→ WHAT YOU WILL DO:
Output exactly, please, the lines of the records below from the one containing "[controlWheelPOS] -> Divide/2" through the final line.

Extracted data entries
━━━━━━━━━━━━━━━━━━━━

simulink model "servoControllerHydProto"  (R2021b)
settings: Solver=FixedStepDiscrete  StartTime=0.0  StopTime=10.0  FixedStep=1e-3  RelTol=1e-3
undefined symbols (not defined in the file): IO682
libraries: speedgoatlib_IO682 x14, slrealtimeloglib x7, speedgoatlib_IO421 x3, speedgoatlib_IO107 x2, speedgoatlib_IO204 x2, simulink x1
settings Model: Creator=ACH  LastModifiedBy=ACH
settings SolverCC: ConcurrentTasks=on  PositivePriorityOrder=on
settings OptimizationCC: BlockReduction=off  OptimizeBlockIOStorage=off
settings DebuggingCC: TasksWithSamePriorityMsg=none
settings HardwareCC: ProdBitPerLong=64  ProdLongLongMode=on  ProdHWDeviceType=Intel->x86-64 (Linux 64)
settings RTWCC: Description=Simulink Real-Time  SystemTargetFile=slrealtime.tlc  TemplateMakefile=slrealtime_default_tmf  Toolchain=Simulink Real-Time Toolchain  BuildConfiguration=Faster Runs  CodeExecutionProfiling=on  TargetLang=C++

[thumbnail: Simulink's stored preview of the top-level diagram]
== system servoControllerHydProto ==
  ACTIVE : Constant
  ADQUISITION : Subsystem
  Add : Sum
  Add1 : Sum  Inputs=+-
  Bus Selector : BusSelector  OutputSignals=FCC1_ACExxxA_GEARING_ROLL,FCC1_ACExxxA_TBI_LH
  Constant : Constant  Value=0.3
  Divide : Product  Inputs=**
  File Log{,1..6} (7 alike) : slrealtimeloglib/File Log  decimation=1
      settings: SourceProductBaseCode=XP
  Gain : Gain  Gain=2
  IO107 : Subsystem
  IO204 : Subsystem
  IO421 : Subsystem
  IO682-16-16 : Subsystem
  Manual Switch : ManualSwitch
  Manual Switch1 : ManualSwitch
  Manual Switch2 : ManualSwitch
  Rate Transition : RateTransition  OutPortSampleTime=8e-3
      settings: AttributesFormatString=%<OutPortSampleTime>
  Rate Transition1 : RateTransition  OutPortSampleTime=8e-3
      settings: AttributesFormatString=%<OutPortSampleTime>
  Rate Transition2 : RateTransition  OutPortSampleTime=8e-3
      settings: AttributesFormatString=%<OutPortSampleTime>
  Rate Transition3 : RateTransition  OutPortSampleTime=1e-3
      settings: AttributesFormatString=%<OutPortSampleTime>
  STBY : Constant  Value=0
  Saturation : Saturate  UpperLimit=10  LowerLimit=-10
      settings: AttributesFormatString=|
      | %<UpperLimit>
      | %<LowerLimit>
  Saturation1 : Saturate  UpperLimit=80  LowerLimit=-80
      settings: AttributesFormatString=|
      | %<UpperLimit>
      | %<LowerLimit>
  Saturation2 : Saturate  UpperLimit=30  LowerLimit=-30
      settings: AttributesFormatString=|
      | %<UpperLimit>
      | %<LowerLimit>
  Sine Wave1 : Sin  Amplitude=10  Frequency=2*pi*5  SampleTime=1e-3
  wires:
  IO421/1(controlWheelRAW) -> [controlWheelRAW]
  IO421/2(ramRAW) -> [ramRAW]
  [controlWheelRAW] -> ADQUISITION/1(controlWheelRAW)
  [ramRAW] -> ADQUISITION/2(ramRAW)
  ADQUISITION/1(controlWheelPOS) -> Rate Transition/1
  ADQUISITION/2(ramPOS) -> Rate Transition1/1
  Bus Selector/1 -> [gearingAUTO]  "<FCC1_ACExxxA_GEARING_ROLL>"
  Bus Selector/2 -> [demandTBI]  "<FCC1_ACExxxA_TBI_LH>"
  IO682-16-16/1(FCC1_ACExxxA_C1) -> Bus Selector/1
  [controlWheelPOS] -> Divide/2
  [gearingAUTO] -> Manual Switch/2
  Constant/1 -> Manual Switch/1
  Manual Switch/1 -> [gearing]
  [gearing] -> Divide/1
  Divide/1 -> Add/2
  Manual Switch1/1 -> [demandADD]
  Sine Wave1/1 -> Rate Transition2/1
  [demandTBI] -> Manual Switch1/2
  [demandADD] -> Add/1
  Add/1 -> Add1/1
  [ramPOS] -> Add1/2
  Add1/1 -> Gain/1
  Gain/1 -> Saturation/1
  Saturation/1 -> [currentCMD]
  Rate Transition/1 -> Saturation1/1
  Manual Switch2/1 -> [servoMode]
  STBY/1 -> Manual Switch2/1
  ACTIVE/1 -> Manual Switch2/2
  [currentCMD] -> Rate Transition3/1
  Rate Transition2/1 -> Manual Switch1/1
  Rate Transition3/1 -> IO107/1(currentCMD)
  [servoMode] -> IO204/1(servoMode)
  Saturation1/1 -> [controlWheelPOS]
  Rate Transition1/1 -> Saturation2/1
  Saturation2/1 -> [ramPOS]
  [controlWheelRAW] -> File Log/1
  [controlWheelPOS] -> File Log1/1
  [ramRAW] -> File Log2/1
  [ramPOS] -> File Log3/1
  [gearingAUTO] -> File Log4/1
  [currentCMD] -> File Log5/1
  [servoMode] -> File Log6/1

━━━━━━━━━━━━━━━━━━━━

→ OUTPUT FOR THIS EXERCISE:
  [controlWheelPOS] -> Divide/2
  [gearingAUTO] -> Manual Switch/2
  Constant/1 -> Manual Switch/1
  Manual Switch/1 -> [gearing]
  [gearing] -> Divide/1
  Divide/1 -> Add/2
  Manual Switch1/1 -> [demandADD]
  Sine Wave1/1 -> Rate Transition2/1
  [demandTBI] -> Manual Switch1/2
  [demandADD] -> Add/1
  Add/1 -> Add1/1
  [ramPOS] -> Add1/2
  Add1/1 -> Gain/1
  Gain/1 -> Saturation/1
  Saturation/1 -> [currentCMD]
  Rate Transition/1 -> Saturation1/1
  Manual Switch2/1 -> [servoMode]
  STBY/1 -> Manual Switch2/1
  ACTIVE/1 -> Manual Switch2/2
  [currentCMD] -> Rate Transition3/1
  Rate Transition2/1 -> Manual Switch1/1
  Rate Transition3/1 -> IO107/1(currentCMD)
  [servoMode] -> IO204/1(servoMode)
  Saturation1/1 -> [controlWheelPOS]
  Rate Transition1/1 -> Saturation2/1
  Saturation2/1 -> [ramPOS]
  [controlWheelRAW] -> File Log/1
  [controlWheelPOS] -> File Log1/1
  [ramRAW] -> File Log2/1
  [ramPOS] -> File Log3/1
  [gearingAUTO] -> File Log4/1
  [currentCMD] -> File Log5/1
  [servoMode] -> File Log6/1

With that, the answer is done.